*** Data excerpts ***
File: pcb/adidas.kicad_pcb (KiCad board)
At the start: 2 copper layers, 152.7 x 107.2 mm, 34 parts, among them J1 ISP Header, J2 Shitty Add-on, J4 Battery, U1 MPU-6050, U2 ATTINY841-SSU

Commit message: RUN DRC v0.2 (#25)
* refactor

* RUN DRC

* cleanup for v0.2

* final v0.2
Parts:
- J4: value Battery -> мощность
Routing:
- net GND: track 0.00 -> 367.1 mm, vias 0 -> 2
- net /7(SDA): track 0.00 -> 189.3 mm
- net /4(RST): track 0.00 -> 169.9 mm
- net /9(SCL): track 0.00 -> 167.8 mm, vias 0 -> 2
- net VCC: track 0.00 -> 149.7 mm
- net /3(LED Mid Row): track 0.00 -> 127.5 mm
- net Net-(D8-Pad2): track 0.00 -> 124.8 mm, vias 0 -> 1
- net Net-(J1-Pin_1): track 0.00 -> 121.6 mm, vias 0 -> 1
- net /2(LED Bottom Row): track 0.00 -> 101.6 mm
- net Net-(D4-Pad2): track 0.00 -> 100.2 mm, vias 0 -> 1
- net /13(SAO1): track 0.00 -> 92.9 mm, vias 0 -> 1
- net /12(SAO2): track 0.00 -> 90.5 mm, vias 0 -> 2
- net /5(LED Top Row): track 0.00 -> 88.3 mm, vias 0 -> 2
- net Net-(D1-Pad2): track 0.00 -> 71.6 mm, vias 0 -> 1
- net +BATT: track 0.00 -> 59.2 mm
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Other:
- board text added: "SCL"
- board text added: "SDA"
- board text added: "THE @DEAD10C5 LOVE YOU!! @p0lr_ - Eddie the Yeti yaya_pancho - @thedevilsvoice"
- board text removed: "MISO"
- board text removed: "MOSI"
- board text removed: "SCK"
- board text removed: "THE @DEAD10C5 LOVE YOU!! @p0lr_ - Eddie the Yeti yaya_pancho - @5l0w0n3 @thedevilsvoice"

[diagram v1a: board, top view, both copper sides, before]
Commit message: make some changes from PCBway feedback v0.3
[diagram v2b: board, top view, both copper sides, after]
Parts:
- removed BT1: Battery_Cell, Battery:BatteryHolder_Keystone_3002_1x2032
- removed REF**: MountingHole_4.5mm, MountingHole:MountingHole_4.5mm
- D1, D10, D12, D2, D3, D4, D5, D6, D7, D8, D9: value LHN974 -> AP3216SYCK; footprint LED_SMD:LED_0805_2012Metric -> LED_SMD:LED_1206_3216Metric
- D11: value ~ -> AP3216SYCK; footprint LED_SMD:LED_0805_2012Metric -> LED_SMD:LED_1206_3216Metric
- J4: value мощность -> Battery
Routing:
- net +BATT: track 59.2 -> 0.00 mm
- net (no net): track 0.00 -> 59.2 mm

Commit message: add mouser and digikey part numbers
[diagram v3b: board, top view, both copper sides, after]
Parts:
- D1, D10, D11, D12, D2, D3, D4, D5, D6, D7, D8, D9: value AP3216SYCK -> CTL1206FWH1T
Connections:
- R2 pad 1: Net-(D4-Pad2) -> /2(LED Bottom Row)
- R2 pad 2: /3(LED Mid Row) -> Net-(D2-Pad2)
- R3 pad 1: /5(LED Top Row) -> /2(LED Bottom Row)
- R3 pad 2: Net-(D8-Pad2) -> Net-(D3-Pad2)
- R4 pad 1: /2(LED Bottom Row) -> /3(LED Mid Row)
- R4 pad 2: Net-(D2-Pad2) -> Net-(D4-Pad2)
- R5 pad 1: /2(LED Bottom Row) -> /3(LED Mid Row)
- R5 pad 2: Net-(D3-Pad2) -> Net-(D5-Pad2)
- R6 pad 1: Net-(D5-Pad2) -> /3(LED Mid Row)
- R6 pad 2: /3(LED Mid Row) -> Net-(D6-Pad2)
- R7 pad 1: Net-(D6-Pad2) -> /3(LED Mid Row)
*** End of Data excerpts ***
- _What needs to be done_
Every record listed above should be reproduced exactly.

- _Exercise output_
File: pcb/adidas.kicad_pcb (KiCad board)
At the start: 2 copper layers, 152.7 x 107.2 mm, 34 parts, among them J1 ISP Header, J2 Shitty Add-on, J4 Battery, U1 MPU-6050, U2 ATTINY841-SSU

Commit message: RUN DRC v0.2 (#25)
* refactor

* RUN DRC

* cleanup for v0.2

* final v0.2
Parts:
- J4: value Battery -> мощность
Routing:
- net GND: track 0.00 -> 367.1 mm, vias 0 -> 2
- net /7(SDA): track 0.00 -> 189.3 mm
- net /4(RST): track 0.00 -> 169.9 mm
- net /9(SCL): track 0.00 -> 167.8 mm, vias 0 -> 2
- net VCC: track 0.00 -> 149.7 mm
- net /3(LED Mid Row): track 0.00 -> 127.5 mm
- net Net-(D8-Pad2): track 0.00 -> 124.8 mm, vias 0 -> 1
- net Net-(J1-Pin_1): track 0.00 -> 121.6 mm, vias 0 -> 1
- net /2(LED Bottom Row): track 0.00 -> 101.6 mm
- net Net-(D4-Pad2): track 0.00 -> 100.2 mm, vias 0 -> 1
- net /13(SAO1): track 0.00 -> 92.9 mm, vias 0 -> 1
- net /12(SAO2): track 0.00 -> 90.5 mm, vias 0 -> 2
- net /5(LED Top Row): track 0.00 -> 88.3 mm, vias 0 -> 2
- net Net-(D1-Pad2): track 0.00 -> 71.6 mm, vias 0 -> 1
- net +BATT: track 0.00 -> 59.2 mm
Other:
- board text added: "SCL"
- board text added: "SDA"
- board text added: "THE @DEAD10C5 LOVE YOU!! @p0lr_ - Eddie the Yeti yaya_pancho - @thedevilsvoice"
- board text removed: "MISO"
- board text removed: "MOSI"
- board text removed: "SCK"
- board text removed: "THE @DEAD10C5 LOVE YOU!! @p0lr_ - Eddie the Yeti yaya_pancho - @5l0w0n3 @thedevilsvoice"

[diagram v1a: board, top view, both copper sides, before]
Commit message: make some changes from PCBway feedback v0.3
[diagram v2b: board, top view, both copper sides, after]
Parts:
- removed BT1: Battery_Cell, Battery:BatteryHolder_Keystone_3002_1x2032
- removed REF**: MountingHole_4.5mm, MountingHole:MountingHole_4.5mm
- D1, D10, D12, D2, D3, D4, D5, D6, D7, D8, D9: value LHN974 -> AP3216SYCK; footprint LED_SMD:LED_0805_2012Metric -> LED_SMD:LED_1206_3216Metric
- D11: value ~ -> AP3216SYCK; footprint LED_SMD:LED_0805_2012Metric -> LED_SMD:LED_1206_3216Metric
- J4: value мощность -> Battery
Routing:
- net +BATT: track 59.2 -> 0.00 mm
- net (no net): track 0.00 -> 59.2 mm

Commit message: add mouser and digikey part numbers
[diagram v3b: board, top view, both copper sides, after]
Parts:
- D1, D10, D11, D12, D2, D3, D4, D5, D6, D7, D8, D9: value AP3216SYCK -> CTL1206FWH1T
Connections:
- R2 pad 1: Net-(D4-Pad2) -> /2(LED Bottom Row)
- R2 pad 2: /3(LED Mid Row) -> Net-(D2-Pad2)
- R3 pad 1: /5(LED Top Row) -> /2(LED Bottom Row)
- R3 pad 2: Net-(D8-Pad2) -> Net-(D3-Pad2)
- R4 pad 1: /2(LED Bottom Row) -> /3(LED Mid Row)
- R4 pad 2: Net-(D2-Pad2) -> Net-(D4-Pad2)
- R5 pad 1: /2(LED Bottom Row) -> /3(LED Mid Row)
- R5 pad 2: Net-(D3-Pad2) -> Net-(D5-Pad2)
- R6 pad 1: Net-(D5-Pad2) -> /3(LED Mid Row)
- R6 pad 2: /3(LED Mid Row) -> Net-(D6-Pad2)
- R7 pad 1: Net-(D6-Pad2) -> /3(LED Mid Row)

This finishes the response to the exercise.